BED files are 0-based, so plan accordingly!

...or this could be a VCF file that contains a data line for chr03 region information for the CHROM, POS, and INFO columns with the INFO column containing a END field. For example:

#CHROM  POS ID  REF ALT QUAL  FILTER  INFO  ...
chr03   1   r1  A   T   50    PASS    END=5000

Create FASTA data

While haplotype sequences are abstracted to MD5 hashes in hVCF files, sequence information can be recapitulated from these hash values using the create-fasta-from-hvcf command:

phg create-fasta-from-hvcf \
  --hvcf-file my_sample.h.vcf \
  --fasta-type composite \
  -o my_sequence.fa

As the name of this command implies, we are creating FASTA files of nucleotide sequence data from a single hVCF file or a collection of hVCF files by specifying a directory:

  • --hvcf-file - path to an hVCF file. Can be substituted with --hvcf-dir.
  • --hvcf-dir - path to a directory containing hVCF files. Can be substituted with --hvcf-file.
  • --fasta-type - what type of FASTA format do you want to use?
  • composite - generate a FASTA file that contains all haplotypes concatenated together by consecutive reference ranges. This composite or "pseudo" genome can be used for rare allele discovery.
  • haplotype - generate a FASTA file where each haplotype is a seperate FASTA entry. Useful for read mapping, imputation or simple haplotype sequence retrieval.
  • -o - output path for generated FASTA file.

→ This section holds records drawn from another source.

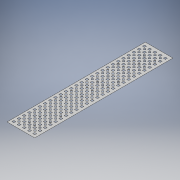
# Autodesk Inventor part: 5sqr metal plate
Saved by Autodesk Inventor 2018 (Build 220112000, 112)
## iProperties
Created: 2018-11-08
Part Number: 5sqr metal plate
Material: Generic
Document SubType Name: Modeling
Designer: USER
Density: 1 g/cm^3
Appearance: Default
Author: USER
Autodesk Inventor part; units mm, degrees
(part 1 of 2)
ref_plane "YZ Plane" through (0, 0, 0) normal (1, 0, 0) x (0, 1, 0)
ref_plane "XZ Plane" through (0, 0, 0) normal (0, 1, 0) x (-1, 0, 0)
ref_plane "XY Plane" through (0, 0, 0) normal (0, 0, 1) x (1, 0, 0)
sketch "Sketch1" plane through (0, 0, 0) normal (0, 1, 0) x (-1, 0, 0)
  line L0 (0, 0) -> (63, 0)
  line L1 (63, 0) -> (63, -315)
  line L2 (63, -315) -> (0, -315)
  line L3 (0, -315) -> (0, 0)
  dimension "d0" = 63
  dimension "d1" = 315
  constraints: 8 end point, 2 parallel, 1 horizontal, 1 perpendicular
  measures "d0" distance of L1.end L2.end
  measures "d1" distance of L0.end L1.end
extrude "Extrusion1" add sketch "Sketch1" along normal blind 0.1
sketch "Sketch2" plane through (0, 0.1, 0) normal (0, 1, 0) x (1, 0, 0)
  line L0 (-58.2087, 6.1745) -> (-53.6367, 6.1745)
  line L1 (-53.6367, 6.1745) -> (-53.6367, 10.7465)
  line L2 (-53.6367, 10.7465) -> (-58.2087, 10.7465)
  line L3 (-58.2087, 10.7465) -> (-58.2087, 6.1745)
  line L4 (-58.2087, 22.6465) -> (-58.2087, 18.0745)
  line L5 (-58.2087, 18.0745) -> (-53.6367, 18.0745)
  line L6 (-53.6367, 18.0745) -> (-53.6367, 22.6465)
  line L7 (-53.6367, 22.6465) -> (-58.2087, 22.6465)
  line L8 (-58.2087, 34.5465) -> (-58.2087, 29.9745)
  line L9 (-58.2087, 29.9745) -> (-53.6367, 29.9745)
  line L10 (-53.6367, 29.9745) -> (-53.6367, 34.5465)
  line L11 (-53.6367, 34.5465) -> (-58.2087, 34.5465)
  line L12 (-58.2087, 46.4465) -> (-58.2087, 41.8745)
  line L13 (-58.2087, 41.8745) -> (-53.6367, 41.8745)
  line L14 (-53.6367, 41.8745) -> (-53.6367, 46.4465)
  line L15 (-53.6367, 46.4465) -> (-58.2087, 46.4465)
  line L16 (-58.2087, 58.3465) -> (-58.2087, 53.7745)
  line L17 (-58.2087, 53.7745) -> (-53.6367, 53.7745)
  line L18 (-53.6367, 53.7745) -> (-53.6367, 58.3465)
  line L19 (-53.6367, 58.3465) -> (-58.2087, 58.3465)
  line L20 (-58.2087, 70.2465) -> (-58.2087, 65.6745)
  line L21 (-58.2087, 65.6745) -> (-53.6367, 65.6745)
  line L22 (-53.6367, 65.6745) -> (-53.6367, 70.2465)
  line L23 (-53.6367, 70.2465) -> (-58.2087, 70.2465)
  line L24 (-58.2087, 82.1465) -> (-58.2087, 77.5745)
  line L25 (-58.2087, 77.5745) -> (-53.6367, 77.5745)
  line L26 (-53.6367, 77.5745) -> (-53.6367, 82.1465)
  line L27 (-53.6367, 82.1465) -> (-58.2087, 82.1465)
  line L28 (-58.2087, 94.0465) -> (-58.2087, 89.4745)
  line L29 (-58.2087, 89.4745) -> (-53.6367, 89.4745)
  line L30 (-53.6367, 89.4745) -> (-53.6367, 94.0465)
  line L31 (-53.6367, 94.0465) -> (-58.2087, 94.0465)
  line L32 (-58.2087, 105.9465) -> (-58.2087, 101.3745)
  line L33 (-58.2087, 101.3745) -> (-53.6367, 101.3745)
  line L34 (-53.6367, 101.3745) -> (-53.6367, 105.9465)
  line L35 (-53.6367, 105.9465) -> (-58.2087, 105.9465)
  line L36 (-58.2087, 117.8465) -> (-58.2087, 113.2745)
  line L37 (-58.2087, 113.2745) -> (-53.6367, 113.2745)
  line L38 (-53.6367, 113.2745) -> (-53.6367, 117.8465)
  line L39 (-53.6367, 117.8465) -> (-58.2087, 117.8465)
  line L40 (-58.2087, 129.7465) -> (-58.2087, 125.1745)
  line L41 (-58.2087, 125.1745) -> (-53.6367, 125.1745)
  line L42 (-53.6367, 125.1745) -> (-53.6367, 129.7465)
  line L43 (-53.6367, 129.7465) -> (-58.2087, 129.7465)
  line L44 (-58.2087, 141.6465) -> (-58.2087, 137.0745)
  line L45 (-58.2087, 137.0745) -> (-53.6367, 137.0745)
  line L46 (-53.6367, 137.0745) -> (-53.6367, 141.6465)
  line L47 (-53.6367, 141.6465) -> (-58.2087, 141.6465)
  line L48 (-58.2087, 153.5465) -> (-58.2087, 148.9745)
  line L49 (-58.2087, 148.9745) -> (-53.6367, 148.9745)
  line L50 (-53.6367, 148.9745) -> (-53.6367, 153.5465)
  line L51 (-53.6367, 153.5465) -> (-58.2087, 153.5465)
  line L52 (-58.2087, 165.4465) -> (-58.2087, 160.8745)
  line L53 (-58.2087, 160.8745) -> (-53.6367, 160.8745)
  line L54 (-53.6367, 160.8745) -> (-53.6367, 165.4465)
  line L55 (-53.6367, 165.4465) -> (-58.2087, 165.4465)
  line L56 (-58.2087, 177.3465) -> (-58.2087, 172.7745)
  line L57 (-58.2087, 172.7745) -> (-53.6367, 172.7745)
  line L58 (-53.6367, 172.7745) -> (-53.6367, 177.3465)
  line L59 (-53.6367, 177.3465) -> (-58.2087, 177.3465)
  line L60 (-58.2087, 189.2465) -> (-58.2087, 184.6745)
  line L61 (-58.2087, 184.6745) -> (-53.6367, 184.6745)
  line L62 (-53.6367, 184.6745) -> (-53.6367, 189.2465)
  line L63 (-53.6367, 189.2465) -> (-58.2087, 189.2465)
  line L64 (-58.2087, 201.1465) -> (-58.2087, 196.5745)
  line L65 (-58.2087, 196.5745) -> (-53.6367, 196.5745)
  line L66 (-53.6367, 196.5745) -> (-53.6367, 201.1465)
  line L67 (-53.6367, 201.1465) -> (-58.2087, 201.1465)
  line L68 (-58.2087, 213.0465) -> (-58.2087, 208.4745)
  line L69 (-58.2087, 208.4745) -> (-53.6367, 208.4745)
  line L70 (-53.6367, 208.4745) -> (-53.6367, 213.0465)
  line L71 (-53.6367, 213.0465) -> (-58.2087, 213.0465)
  line L72 (-58.2087, 224.9465) -> (-58.2087, 220.3745)
  line L73 (-58.2087, 220.3745) -> (-53.6367, 220.3745)
  line L74 (-53.6367, 220.3745) -> (-53.6367, 224.9465)
  line L75 (-53.6367, 224.9465) -> (-58.2087, 224.9465)
  line L76 (-58.2087, 236.8465) -> (-58.2087, 232.2745)
  line L77 (-58.2087, 232.2745) -> (-53.6367, 232.2745)
  line L78 (-53.6367, 232.2745) -> (-53.6367, 236.8465)
  line L79 (-53.6367, 236.8465) -> (-58.2087, 236.8465)
  line L80 (-58.2087, 248.7465) -> (-58.2087, 244.1745)
  line L81 (-58.2087, 244.1745) -> (-53.6367, 244.1745)
  line L82 (-53.6367, 244.1745) -> (-53.6367, 248.7465)
  line L83 (-53.6367, 248.7465) -> (-58.2087, 248.7465)
  line L84 (-58.2087, 260.6465) -> (-58.2087, 256.0745)
  line L85 (-58.2087, 256.0745) -> (-53.6367, 256.0745)
  line L86 (-53.6367, 256.0745) -> (-53.6367, 260.6465)
  line L87 (-53.6367, 260.6465) -> (-58.2087, 260.6465)
  line L88 (-58.2087, 272.5465) -> (-58.2087, 267.9745)
  line L89 (-58.2087, 267.9745) -> (-53.6367, 267.9745)
  line L90 (-53.6367, 267.9745) -> (-53.6367, 272.5465)
  line L91 (-53.6367, 272.5465) -> (-58.2087, 272.5465)
  line L92 (-58.2087, 284.4465) -> (-58.2087, 279.8745)
  line L93 (-58.2087, 279.8745) -> (-53.6367, 279.8745)
  line L94 (-53.6367, 279.8745) -> (-53.6367, 284.4465)
  line L95 (-53.6367, 284.4465) -> (-58.2087, 284.4465)
  line L96 (-58.2087, 296.3465) -> (-58.2087, 291.7745)
  line L97 (-58.2087, 291.7745) -> (-53.6367, 291.7745)
  line L98 (-53.6367, 291.7745) -> (-53.6367, 296.3465)
  line L99 (-53.6367, 296.3465) -> (-58.2087, 296.3465)
  line L100 (-58.2087, 308.2465) -> (-58.2087, 303.6745)
  line L101 (-58.2087, 303.6745) -> (-53.6367, 303.6745)
  line L102 (-53.6367, 303.6745) -> (-53.6367, 308.2465)
  line L103 (-53.6367, 308.2465) -> (-58.2087, 308.2465)
  line L104 (-46.3087, 10.7465) -> (-46.3087, 6.1745)
  line L105 (-46.3087, 6.1745) -> (-41.7367, 6.1745)
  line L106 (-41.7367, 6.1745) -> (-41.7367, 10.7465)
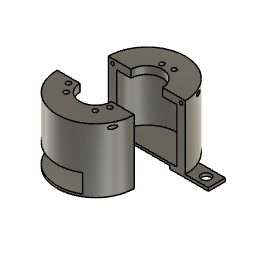
RotaryEncoderHolderCombined (Autodesk Fusion 360 design; units mm, degrees)
Autodesk Fusion 360 part; units mm, degrees
note: some values were not read from the file. Set by a fixed rule: which sketch regions a step uses.
sketch "Sketch1" plane through (0, 0, 0) normal (0, 0, 1) x (1, 0, 0)
  arc A0 (-25, 0) -> (25, 0) centre (0, 0) ccw
  line L0 (-25, 0) -> (25, 0)
  dimension "d3" = 50
  constraint coincident A0.centre origin
  constraint horizontal L0
  measures "d3" distance of A0.start A0.end
extrude "Extrude1" add sketch "Sketch1" along normal blind 41.5 makes body 1
sketch "Sketch2" plane through (0, 0, 41.5) normal (0, 0, 1) x (-1, 0, 0)
  arc A0 (25, 0) -> (-25, 0) centre (0, 0) ccw
  line L0 (-25, 0) -> (25, 0)
  circle A1 centre (0, 0) radius 19.5
  dimension "d6" = 39
  constraint coincident A0.centre A1.centre
  measures "d6" diameter of A1
extrude "Extrude2" cut sketch "Sketch2" against normal blind 35 from surface at -5 contours L0 A1 picked at (5.8563, 2.8202) bodies 1
sketch "Sketch5" plane through (0, 0, 41.5) normal (0, 0, 1) x (-1, 0, 0)
  arc A0 (25, 0) -> (-25, 0) centre (0, 0) ccw
  line L0 (-25, 0) -> (25, 0)
  circle A1 centre (0, 0) radius 10.25
  dimension "d10" = 20.5
  constraint coincident A0.centre A1.centre
  measures "d10" diameter of A1
extrude "Extrude3" cut sketch "Sketch5" against normal blind 5 contours L0 A1 picked at (0.2553, 3.4071) bodies 1
ref_plane "WorkPlane1" through (0, 0, 0) normal (0, 1, 0) x (0, 0, 1)
sketch "Sketch8" plane through (0, 0, 0) normal (0, 1, 0) x (-1, 0, 0)
  line L0 (-10.25, 36.5) -> (-10.25, 41.5)
  line L1 (-10.25, 41.5) -> (-25, 41.5)
  line L2 (-25, 41.5) -> (-25, 0)
  line L3 (-25, 0) -> (25, 0)
  line L4 (25, 0) -> (25, 41.5)
  line L5 (25, 41.5) -> (10.25, 41.5)
  line L6 (10.25, 41.5) -> (10.25, 36.5)
  line L7 (10.25, 36.5) -> (19.5, 36.5)
  line L8 (19.5, 36.5) -> (19.5, 1.5)
  line L9 (19.5, 1.5) -> (-19.5, 1.5)
  line L10 (-19.5, 1.5) -> (-19.5, 36.5)
  line L11 (-19.5, 36.5) -> (-10.25, 36.5)
  circle A0 centre (22.25, 38.75) radius 1.1
  line L12 (0, 46.5) -> (0, -12.5) construction
  line L13 (-30, 19) -> (33, 19) construction
  circle A1 centre (-22.25, 38.75) radius 1.1
  dimension "d40" = 2.2
  dimension "d41" = 2.75
  dimension "d42" = 2.75
  dimension "d43" = 22.5
  dimension "d44" = 22.25
  constraint perpendicular L3 L12
  constraint horizontal L13
  constraint symmetric A0 L12 A1
  measures "d40" diameter of A0
  measures "d41" distance of L4 A0.centre
  measures "d42" distance of L5 A0.centre
  measures "d43" distance of L1 L13
  measures "d44" distance of A0.centre L12
extrude "Extrude5" cut sketch "Sketch8" against normal blind 14 contours A0 | A1 bodies 1
mirror "Mirror1" about plane through (0, 0, 0) normal (0, 1, 0) of bodies 1 makes body 2
sketch "Sketch6" plane through (0, 0, 41.5) normal (0, 0, 1) x (-1, 0, 0)
  arc A0 (10.25, 0) -> (-10.25, 0) centre (0, 0) ccw
  line L0 (10.25, 0) -> (25, 0)
  arc A1 (25, 0) -> (-25, 0) centre (0, 0) ccw
  line L1 (-25, 0) -> (-10.25, 0)
  circle A2 centre (-12.968, 3.7525) radius 1.5
  circle A3 centre (-10.1336, 10.3711) radius 1.5
  circle A4 centre (14.0483, 3.5909) radius 1.5
  circle A5 centre (9.7334, 9.3547) radius 1.5
  dimension "d16" = 13.5
  dimension "d17" = 14.5
  dimension "d18" = 3
  dimension "d19" = 3
  dimension "d20" = 7.2
  dimension "d22" = 3
  dimension "d23" = 3
  dimension "d24" = 14.5
  dimension "d25" = 13.5
  dimension "d26" = 7.2
  dimension "d28" = 19.893
  dimension "d37" = 3.7525
  measures "d16" distance of A0.centre A2.centre
  measures "d17" distance of A0.centre A3.centre
  measures "d18" diameter of A2
  measures "d19" diameter of A3
  measures "d20" distance of A2.centre A3.centre
  measures "d22" diameter of A4
  measures "d23" diameter of A5
  measures "d24" distance of A0.centre A4.centre
  measures "d25" distance of A0.centre A5.centre
  measures "d26" distance of A4.centre A5.centre
  measures "d28" distance of A3.centre A5.centre
  measures "d37" distance of L1 A2.centre
ref_plane "WorkPlane2" through (0, -12.5, 41.5) normal (0, 0, 1) x (-1, 0, 0)
sketch "Sketch7" plane through (0, -11.5, 41.5) normal (0, 0, 1) x (1, 0, 0)
  circle A0 centre (-3.2352, 24.6066) radius 1.5
  circle A1 centre (3.9139, 25.4618) radius 1.5
  point P0 (0, 11.5)
  point P1 (-14.0483, 7.9091)
  dimension "d30" = 3
  dimension "d31" = 3
  dimension "d32" = 13.5
  dimension "d33" = 14.5
  dimension "d35" = 7.2
  dimension "d36" = 19.893
  measures "d30" diameter of A0
  measures "d31" diameter of A1
  measures "d32" distance of A0.centre P0
  measures "d33" distance of A1.centre P0
  measures "d35" distance of A0.centre A1.centre
  measures "d36" distance of A0.centre P1
extrude "Extrude4" cut sketch "Sketch6" sketch "Sketch7" against normal blind 5 contours A2 | A3 | A4 | A5 of sketch 2 bodies 1 2
sketch "Sketch9" plane through (0, 0, 0) normal (0, 0, -1) x (1, 0, 0)
  arc A0 (25, 0) -> (-25, 0) centre (0, 0) ccw
  line L0 (-25, 0) -> (25, 0)
  arc A1 (12.9192, 21.4032) -> (-25, 0) centre (0, 0) ccw
  line L1 (12.9192, 21.4032) -> (0, 0)
  constraint coincident A0.end L0.start
  constraint coincident A0.centre A1.centre
extrude "Extrude6" cut sketch "Sketch9" against normal blind 12 from surface at -1.5 contours A0 L0 A1 L1 bodies 1
sketch "Sketch10" plane through (0, 0, 0) normal (0, 0, -1) x (1, 0, 0)
  arc A0 (-25, 0) -> (25, 0) centre (0, 0) ccw
  line L0 (25, 0) -> (-25, 0)
  line L1 (-14.875, 0) -> (-40, 0)
  line L2 (-40, 0) -> (-40, -11)
  line L3 (-40, -11) -> (-14.875, -11)
  line L4 (-14.875, -11) -> (-14.875, 0)
  line L5 (-10.25, 0) -> (-19.5, 0)
  circle A1 centre (-33, -5.5) radius 3.1
  line L6 (0, 0) -> (0, -9) construction
  line L7 (14.875, -11) -> (14.875, 0)
  line L8 (40, -11) -> (14.875, -11)
  line L9 (14.875, 0) -> (40, 0)
  line L10 (40, 0) -> (40, -11)
  circle A2 centre (33, -5.5) radius 3.1
  dimension "d50" = 15
  dimension "d51" = 11
  dimension "d52" = 6.2
  dimension "d61" = 5.5
  dimension "d62" = 7
  constraint horizontal L1
  constraint vertical L2
  constraint horizontal L3
  constraint vertical L4
  constraint midpoint L1.start L5
  constraint coincident A0.centre L6.start
  constraint perpendicular L0 L6
  constraint symmetric L1.start L6 L7.end
  constraint symmetric L1.end L6 L9.end
  constraint symmetric L2.end L6 L8.start
  constraint symmetric L3.end L6 L7.start
  constraint symmetric A1 L6 A2
  measures "d50" distance of A0.start L1.end
  measures "d51" distance of L1.end L2.end
  measures "d52" diameter of A1
  measures "d61" distance of L1 A1.centre
  measures "d62" distance of L2 A1.centre
extrude "Extrude9" add sketch "Sketch10" along normal blind 2 contours A0 L0 L1 L3 L4 L5 | A0 L1 L2 L3 | A0 L0 L7 L8 L9 | A0 L8 L9 L10 bodies 2
move_body "Move3" bodies 2 to x (1, 0, 0) y (0, 1, 0) z (0, 0, 1) at (8.7347, 24.4851, 0)

Data retrieval using BrAPI endpoints and rPHG

While the above commands allow for individual-oriented access to PHG data, another option is to start a "RESTful" web service. This service can provide access to a centralized PHG database, allowing multiple individuals in a team to simultaneously retrieve PHG-relevant information. The following web service leverages the Breeding API (BrAPI which provides a standard, community-driven collection of web retrieval calls relevant to plant breeding.

To create a web service for serving PHG data, we can use the start-server command:

phg start-server \
  --db-path vcf_dbs \
  --port 8080

This command takes only two arguments:

  • --db-path - path to directory storing the TileDB instances.
  • --port - web server port for the network connection. Defaults to 8080.

Once this command is run, a web service to localhost will start and data can be retrieved: * manually using BrAPI endpoints and cURL:

# An example pointing to the 'samples' BrAPI endpoint
$ curl http://localhost:8080/brapi/v2/samples
# An example pointing to a composite hVCF file
$ curl http://localhost:8080/brapi/v2/variantsets
  • using the R package, rPHG2. Since this is a separate library, more information about the library and retrieval methods can be found here.